1937 NFL season

Regular season
- Duration: September 5 – December 12, 1937
- East Champions: Washington Redskins
- West Champions: Chicago Bears

Championship Game
- Champions: Washington Redskins

= 1937 NFL season =

American football season

The 1937 NFL season was the 18th regular season of the National Football League. The Cleveland Rams joined the league as an expansion team. Meanwhile, the Redskins relocated from Boston to Washington, D.C.
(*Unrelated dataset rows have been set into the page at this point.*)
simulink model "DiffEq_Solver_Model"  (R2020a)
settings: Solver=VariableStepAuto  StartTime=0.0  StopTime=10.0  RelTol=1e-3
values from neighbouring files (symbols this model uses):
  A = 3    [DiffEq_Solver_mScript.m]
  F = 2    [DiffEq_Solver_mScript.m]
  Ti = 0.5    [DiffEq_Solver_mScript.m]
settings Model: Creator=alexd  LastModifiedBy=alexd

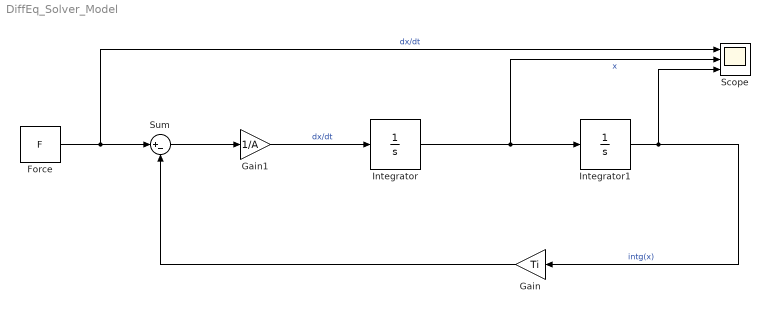
== system DiffEq_Solver_Model ==
  Force : Constant  Value=F
  Gain : Gain  Gain=Ti
  Gain1 : Gain  Gain=1/A
  Integrator : Integrator
  Integrator1 : Integrator
  Scope : Scope  NumInputPorts=3
  Sum : Sum  Inputs=|+-
  wires:
  Gain1/1 -> Integrator/1  "dx/dt"
  Integrator/1 -> Scope/2, Integrator1/1  "x"
  Integrator1/1 -> Scope/3, Gain/1  "intg(x)"
  Force/1 -> Scope/1, Sum/1  "dx/dt"
  Gain/1 -> Sum/2
  Sum/1 -> Gain1/1
simulink model "IndustrialMicrogrid"  (R2023a)
settings: Solver=FixedStepDiscrete  StartTime=0.0  StopTime=10  FixedStep=Ts  RelTol=1e-3
PostLoadFcn:
  | IndustrialMicrogridInputData
  | GfmGridFormingConverterInputParameters
model workspace (MAT data in the model file):
  caseNum = 2
undefined symbols (not defined in the file): base, BESS, DiscIntNeverNeededParam, grid, Grid, gridInverter, machine, microgrid, PV, PVInverter, PVTransformer, scrFactorRg, scrFactorXg, transformer, Ts
libraries: ee_lib x112, eeGeneralControl x104, nesl_utility_internal x64, simulink x56, nesl_utility x37, fl_lib x29, slpidlib x13, eeTransforms x11, eeTotalHarmonicDistorsion x8, eeRmsMeasurement x4, eeSinusoidalMeasurement x4, simulink_extras x2
(part 11 of 14)

== system IndustrialMicrogrid/Operator Room/OperatorControlRoom/MG1 Controller : Commands and Measurements/Microgrid Controller 1 : Commands and Measurements/Monitoring of system performance/Microgrid ==
  Frequency : Inport
  Voltage : Inport  Port=2
  Constant : Constant  Value=0
  Constant4 : Constant  Value=0
  Island Frequency MINMAX : Scope  NumInputPorts=4
  Island Voltage MINMAX : Scope  NumInputPorts=4
  MinMax Running Resettable : simulink/Math Operations/MinMax Running Resettable  Function=max  vinit=grid.frequency
  MinMax Running Resettable2 : simulink/Math Operations/MinMax Running Resettable  Function=max  vinit=1
  MinMax Running Resettable3 : simulink/Math Operations/MinMax Running Resettable  Function=min  vinit=1
  MinMax Running Resettable4 : simulink/Math Operations/MinMax Running Resettable  Function=min  vinit=grid.frequency
  Subsystem : Subsystem
  Subsystem3 : Subsystem
  start at 0.2 s1 : Subsystem
  start at 0.2 s3 : Subsystem
  wires:
  Subsystem/1(Out1) -> Island Frequency MINMAX/1  "Microgrid Frequency Croosed Low (59 HZ)"
  Constant/1 -> MinMax Running Resettable4/2, MinMax Running Resettable/2
  Frequency/1 -> start at 0.2 s3/1(In1)
  Subsystem3/1(Out1) -> Island Voltage MINMAX/1  "Microgrid Voltage Crossed Low (0.95 pu)"
  Subsystem/2(Out2) -> Island Frequency MINMAX/2  "Microgrid Frequency Crossed High (62 Hz)"
  Voltage/1 -> start at 0.2 s1/1(In1)
  MinMax Running Resettable2/1 -> Island Voltage MINMAX/3  "Microgrid Voltage Max (pu)"
  start at 0.2 s3/1(u) -> Subsystem/1(u), MinMax Running Resettable4/1, MinMax Running Resettable/1
  Subsystem3/2(Out2) -> Island Voltage MINMAX/2  "Microgrid Voltage Crossed High (1.1 pu)"
  start at 0.2 s1/1(u) -> MinMax Running Resettable3/1, MinMax Running Resettable2/1, Subsystem3/1(u)
  Constant4/1 -> MinMax Running Resettable3/2, MinMax Running Resettable2/2
  MinMax Running Resettable4/1 -> Island Frequency MINMAX/4  "Microgrid Frequency Min (Hz)"
  MinMax Running Resettable3/1 -> Island Voltage MINMAX/4  "Microgrid Voltage Min (pu)"
  MinMax Running Resettable/1 -> Island Frequency MINMAX/3  "Microgrid Frequency Max (Hz)"

== system IndustrialMicrogrid/Operator Room/OperatorControlRoom/MG1 Controller : Commands and Measurements/Microgrid Controller 1 : Commands and Measurements/Monitoring of system performance/Subsystem ==
  Active and Reactive Power : Inport
  In Bus Element1 : Inport  Port=2  PortName=mtieline1  Element=activepower
  In Bus Element6 : Inport  Port=2  PortName=mtieline1  Element=reactivepower
  In Bus Element2 : Inport  Port=3  PortName=mLoad3  Element=activepower
  In Bus Element3 : Inport  Port=3  PortName=mLoad3  Element=reactivepower
  Bus Selector : BusSelector  OutputSignals=signal1.Grid Active Power,signal1.BESS Active Power,signal1.Load Active Power,signal2.Grid Reactive Power,signal2.BESS Reactive Power,signal2.Load Reactive Power
  Constant4 : Constant  Value=0
  MinMax Running Resettable1 : simulink/Math Operations/MinMax Running Resettable  Function=max  vinit=0
  MinMax Running Resettable2 : simulink/Math Operations/MinMax Running Resettable  Function=max  vinit=0
  Sum : Sum  Inputs=++---
  Sum1 : Sum  Inputs=++---
  Terminator : Terminator
  Terminator1 : Terminator
  start at 2.5 s : Subsystem
  start at 2.5 s1 : Subsystem
  wires:
  start at 2.5 s1/1(u) -> MinMax Running Resettable2/1
  Constant4/1 -> MinMax Running Resettable1/2, MinMax Running Resettable2/2
  Sum/1 -> start at 2.5 s1/1(ActivePower)
  Sum1/1 -> start at 2.5 s/1(ReactivePower)
  Active and Reactive Power/1 -> Bus Selector/1
  MinMax Running Resettable2/1 -> Terminator/1  "Max Active Power Loss (kW)"
  start at 2.5 s/1(u) -> MinMax Running Resettable1/1
  MinMax Running Resettable1/1 -> Terminator1/1  "Max Active Power Loss (kW)"
  Bus Selector/1 -> Sum/1  "<Grid Active Power>"
  Bus Selector/2 -> Sum/2  "<BESS Active Power>"
  Bus Selector/3 -> Sum/3  "<Load Active Power>"
  Bus Selector/4 -> Sum1/1  "<Grid Reactive Power>"
  Bus Selector/5 -> Sum1/2  "<BESS Reactive Power>"
  Bus Selector/6 -> Sum1/3  "<Load Reactive Power>"
  In Bus Element1/1 -> Sum/4
  In Bus Element6/1 -> Sum1/4
  In Bus Element2/1 -> Sum/5
  In Bus Element3/1 -> Sum1/5

== system IndustrialMicrogrid/Operator Room/OperatorControlRoom/MG1 Controller : Commands and Measurements/Microgrid Controller 1 : Commands and Measurements/Monitoring of system performance/THD ==
  mLoad : Inport
  In2 : Inport  Port=2
  MGController : Inport  Port=3
  In4 : Inport  Port=4
  THD : Scope  NumInputPorts=4
  Total Harmonic Distortion{,1..3} (4 alike) : eeTotalHarmonicDistorsion/Total Harmonic Distortion  f=60  Ts=Ts
      settings: LibrarySourceBlock=|
      | ee_sl_lib/Measurements/Total Harmonic
      | Distortion
  wires:
  Total Harmonic Distortion1/1 -> THD/2  "Load Current THD (%)"
  Total Harmonic Distortion3/1 -> THD/4  "PCC Current THD (%)"
  Total Harmonic Distortion2/1 -> THD/3  "PCC Voltage THD (%)"
  Total Harmonic Distortion/1 -> THD/1  "Load Voltage THD (%)"
  In2/1 -> Total Harmonic Distortion1/1
  mLoad/1 -> Total Harmonic Distortion/1
  MGController/1 -> Total Harmonic Distortion2/1
  In4/1 -> Total Harmonic Distortion3/1

== system IndustrialMicrogrid/Operator Room/OperatorControlRoom/MG2 Controller : Commands and Measurements/Microgrid Controller 2 : Commands and Measurements/Measurements and visualizations 1/BESS, PV and Load Measurements ==
  Grid Active Power : Inport
  Grid Reactive Power : Inport  Port=2
  Vpv (V) : Inport  Port=3
  BESS Active Power : Inport  Port=4
  BESS Voltage : Inport  Port=5
  BESS Current : Inport  Port=6
  Load Active Power : Inport  Port=7
  Ipv (A) : Inport  Port=8
  PV Active Power : Inport  Port=9
  BESS Reactive Power : Inport  Port=10
  PV Reactive Power : Inport  Port=11
  Load Reactive Power : Inport  Port=12
  Load Current(p.u.) : Inport  Port=13
  Load Voltage (p.u.) : Inport  Port=14
  Load Voltage RMS (p.u.) : Inport  Port=15
  Diesel Active Power : Inport  Port=16
  Diesel Reactive Power : Inport  Port=17
  Active and reactive Power : Subsystem
  BESS and PV Measurements : Subsystem
  Load Active Power2 : InportShadow  Port=7
  Load Measurements : Subsystem
  Load Reactive Power1 : InportShadow  Port=12
  PV Active Power1 : InportShadow  Port=9
  PV Reactive Power1 : InportShadow  Port=11
  Active Power : Outport
  Reactive Power : Outport  Port=2
  wires:
  PV Reactive Power1/1 -> Active and reactive Power/8(PV Reactive Power)
  PV Active Power1/1 -> Active and reactive Power/4(PV Active Power)
  PV Active Power/1 -> BESS and PV Measurements/5(PV Active Power)
  Vpv (V)/1 -> BESS and PV Measurements/1(Vpv (V))
  PV Reactive Power/1 -> BESS and PV Measurements/6(PV Reactive Power)
  BESS Voltage/1 -> BESS and PV Measurements/2(Vabc)
  BESS Active Power/1 -> Active and reactive Power/2(BESS Active Power)
  BESS Current/1 -> BESS and PV Measurements/3(Iabc)
  Load Voltage RMS (p.u.)/1 -> Load Measurements/5(Load Voltage RMS (p.u.))
  Load Voltage (p.u.)/1 -> Load Measurements/4(Load Voltage (p.u.))
  Grid Active Power/1 -> Active and reactive Power/1(Grid Active Power)
  Load Active Power2/1 -> Load Measurements/1(Load Active Power)
  Load Reactive Power/1 -> Active and reactive Power/7(Load Reactive Power)
  Grid Reactive Power/1 -> Active and reactive Power/5(Grid Reactive Power)
  Load Active Power/1 -> Active and reactive Power/3(Load Active Power)
  Load Reactive Power1/1 -> Load Measurements/2(Load Reactive Power)
  BESS Reactive Power/1 -> Active and reactive Power/6(BESS Reactive Power)
  Load Current(p.u.)/1 -> Load Measurements/3(Load Current(p.u.))
  Ipv (A)/1 -> BESS and PV Measurements/4(Ipv (A))
  Active and reactive Power/1(Active Power) -> Active Power/1
  Active and reactive Power/2(Reactive Power) -> Reactive Power/1
  Diesel Active Power/1 -> Active and reactive Power/10(Diesel Active Power)
  Diesel Reactive Power/1 -> Active and reactive Power/9(Diesel Reactive Power)

== system IndustrialMicrogrid/Operator Room/OperatorControlRoom/MG2 Controller : Commands and Measurements/Microgrid Controller 2 : Commands and Measurements/Measurements and visualizations 1/Resynchronization and Planned Islanding ==
  Grid Frequency : Inport
  Island Frequency : Inport  Port=2
  Resynch : Inport  Port=3
  Grid Angle : Inport  Port=4
  Island Angle : Inport  Port=5
  Resynchronization : Inport  Port=6
  Grid Voltage : Inport  Port=7
  Grid Current : Inport  Port=8
  Island Voltage : Inport  Port=9
  Frequency Error : Inport  Port=10
  Grid Voltageabc1 : Inport  Port=11
  Phase Angle Error : Inport  Port=12
  Voltage Error : Inport  Port=13
  PlannedIslandCommand : Inport  Port=14
  PlannedIsland : Inport  Port=15
  Power Tracking Command : Inport  Port=16
  Grid Current1 : InportShadow  Port=8
  Grid Frequency1 : InportShadow
  Grid Voltage abc : InportShadow  Port=11
  Grid Voltage2 : InportShadow  Port=7
  Island Frequency1 : InportShadow  Port=2
  Island Voltage1 : InportShadow  Port=9
  Planned Islanding : Subsystem
  Resync : Subsystem
  wires:
  Power Tracking Command/1 -> Planned Islanding/8(Power Tracking Command)
  PlannedIsland/1 -> Planned Islanding/7(PlannedIsland)
  PlannedIslandCommand/1 -> Planned Islanding/6(PlannedIslandCommand)
  Grid Voltage2/1 -> Planned Islanding/5(Grid Voltage1)  "Grid Voltage"
  Island Voltage1/1 -> Planned Islanding/4(Island Voltage)
  Grid Current1/1 -> Planned Islanding/3(Grid Current)  "Grid Current"
  Island Frequency1/1 -> Planned Islanding/2(Island Frequency)
  Grid Frequency1/1 -> Planned Islanding/1(Grid Frequency)
  Voltage Error/1 -> Resync/13(Voltage Error)  "Voltage Error"
  Phase Angle Error/1 -> Resync/12(Phase Angle Error)  "Phase Angle Error"
  Grid Voltageabc1/1 -> Resync/11(Grid Voltage abc)  "Grid Voltage"
  Frequency Error/1 -> Resync/10(Frequency Error)  "Frequency Error"
  Island Voltage/1 -> Resync/9(Island Voltage)
  Grid Current/1 -> Resync/8(Grid Current)  "Grid Current"
  Grid Voltage/1 -> Resync/7(Grid Voltage)  "Grid Voltage"
  Resynchronization/1 -> Resync/6(Resynchronization)
  Island Angle/1 -> Resync/5(Island Angle)
  Grid Angle/1 -> Resync/4(Grid Angle)
  Resynch/1 -> Resync/3(In1)  "Resynch Command"
  Island Frequency/1 -> Resync/2(Island Frequency)
  Grid Frequency/1 -> Resync/1(Grid Frequency)
  Grid Voltage abc/1 -> Planned Islanding/9(Grid Voltage abc)  "Grid Voltage"

== system IndustrialMicrogrid/Operator Room/OperatorControlRoom/MG2 Controller : Commands and Measurements/Microgrid Controller 2 : Commands and Measurements/Monitoring of system performance/Load  ==
  In1 : Inport
  In2 : Inport  Port=2
  In3 : Inport  Port=3
  Constant1 : Constant  Value=0
  Constant2 : Constant  Value=0
  Constant3 : Constant  Value=0
  Gain : Gain  Gain=1/75
  Load Power and  Current MinMax : Scope  NumInputPorts=4
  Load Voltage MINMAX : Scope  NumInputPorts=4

The season ended when the Redskins, led by rookie quarterback Sammy Baugh, defeated the Chicago Bears in the NFL Championship Game.

==Draft==
The 1937 NFL draft was held on December 12, 1936, at New York City's Hotel Lincoln. With the first pick, the Philadelphia Eagles selected runningback Sam Francis from the University of Nebraska–Lincoln.

==Major rule changes==
- All players are required to wear numerals on their jerseys whose color must be in sharp contrast with the jersey color. The numbers on the front must be at least 6 in while the ones on the back must be at least 8 in.
- If a kickoff goes out of bounds, the ball is put in play either on the opponent's 35-yard line or 10 yards from the spot where it crossed the sideline.
- The penalty for an illegal forward pass that is thrown beyond the line of scrimmage is a loss of down and five yards from the spot of the foul.

==Division races==
Midway through the NFL's 11-game season, the Bears were unbeaten (5–0) in the Western Division, while the Giants were leaders in the Eastern (4–1), and they played to a 3–3 tie. The Giants and Bears continued to stay in the lead in their divisions, and the Bears clinched a spot in the title game with its 13–0 win over Detroit. On December 5, 1937, the final game of the season had Washington (7–3 and .700) traveling to New York (6–2–2 and .750). A win or a tie would give the Giants the Eastern title; the Redskins triumphed, 49–14, and got the division crown and the trip to face Chicago in the 1937 championship game.

==Final standings==

NFL Eastern Division
| view; talk; edit; | W | L | T | PCT | DIV | PF | PA | STK |
| Washington Redskins | 8 | 3 | 0 | .727 | 6–2 | 195 | 120 | W2 |
| New York Giants | 6 | 3 | 2 | .667 | 5–2–1 | 128 | 109 | L1 |
| Pittsburgh Pirates | 4 | 7 | 0 | .364 | 4–4 | 122 | 145 | L1 |
| Brooklyn Dodgers | 3 | 7 | 1 | .300 | 2–5–1 | 82 | 174 | T1 |
| Philadelphia Eagles | 2 | 8 | 1 | .200 | 2–6 | 86 | 177 | L1 |

NFL Western Division
| view; talk; edit; | W | L | T | PCT | DIV | PF | PA | STK |
| Chicago Bears | 9 | 1 | 1 | .900 | 7–1 | 201 | 100 | W4 |
| Green Bay Packers | 7 | 4 | 0 | .636 | 6–2 | 220 | 122 | L2 |
| Detroit Lions | 7 | 4 | 0 | .636 | 4–4 | 180 | 105 | L1 |
| Chicago Cardinals | 5 | 5 | 1 | .500 | 3–5 | 135 | 165 | L2 |
| Cleveland Rams | 1 | 10 | 0 | .091 | 0–8 | 75 | 207 | L9 |

==NFL Championship Game==

Washington 28, Chi. Bears 21, at Wrigley Field, Chicago, December 12, 1937

==League leaders==

| Statistic | Name | Team | Yards |
|---|---|---|---|
| Passing | Sammy Baugh | Washington | 1127 |
| Rushing | Cliff Battles | Washington | 874 |
| Receiving | Gaynell Tinsley | Chicago Cardinals | 675 |

==Coaching changes==
- Brooklyn Dodgers: Paul J. Schissler was replaced by Potsy Clark.
- Cleveland Rams: The team joined the NFL, hiring Hugo Bezdek as head coach.
- Detroit Lions: George Clark was replaced by Dutch Clark.
- Pittsburgh Pirates: Joe Bach was replaced by Johnny Blood.

==Stadium changes==
- The Cleveland Rams split their home games between Cleveland Municipal Stadium and League Park
- The relocated Washington Redskins relocated from Boston's Fenway Park to Griffith Stadium in Washington, D.C.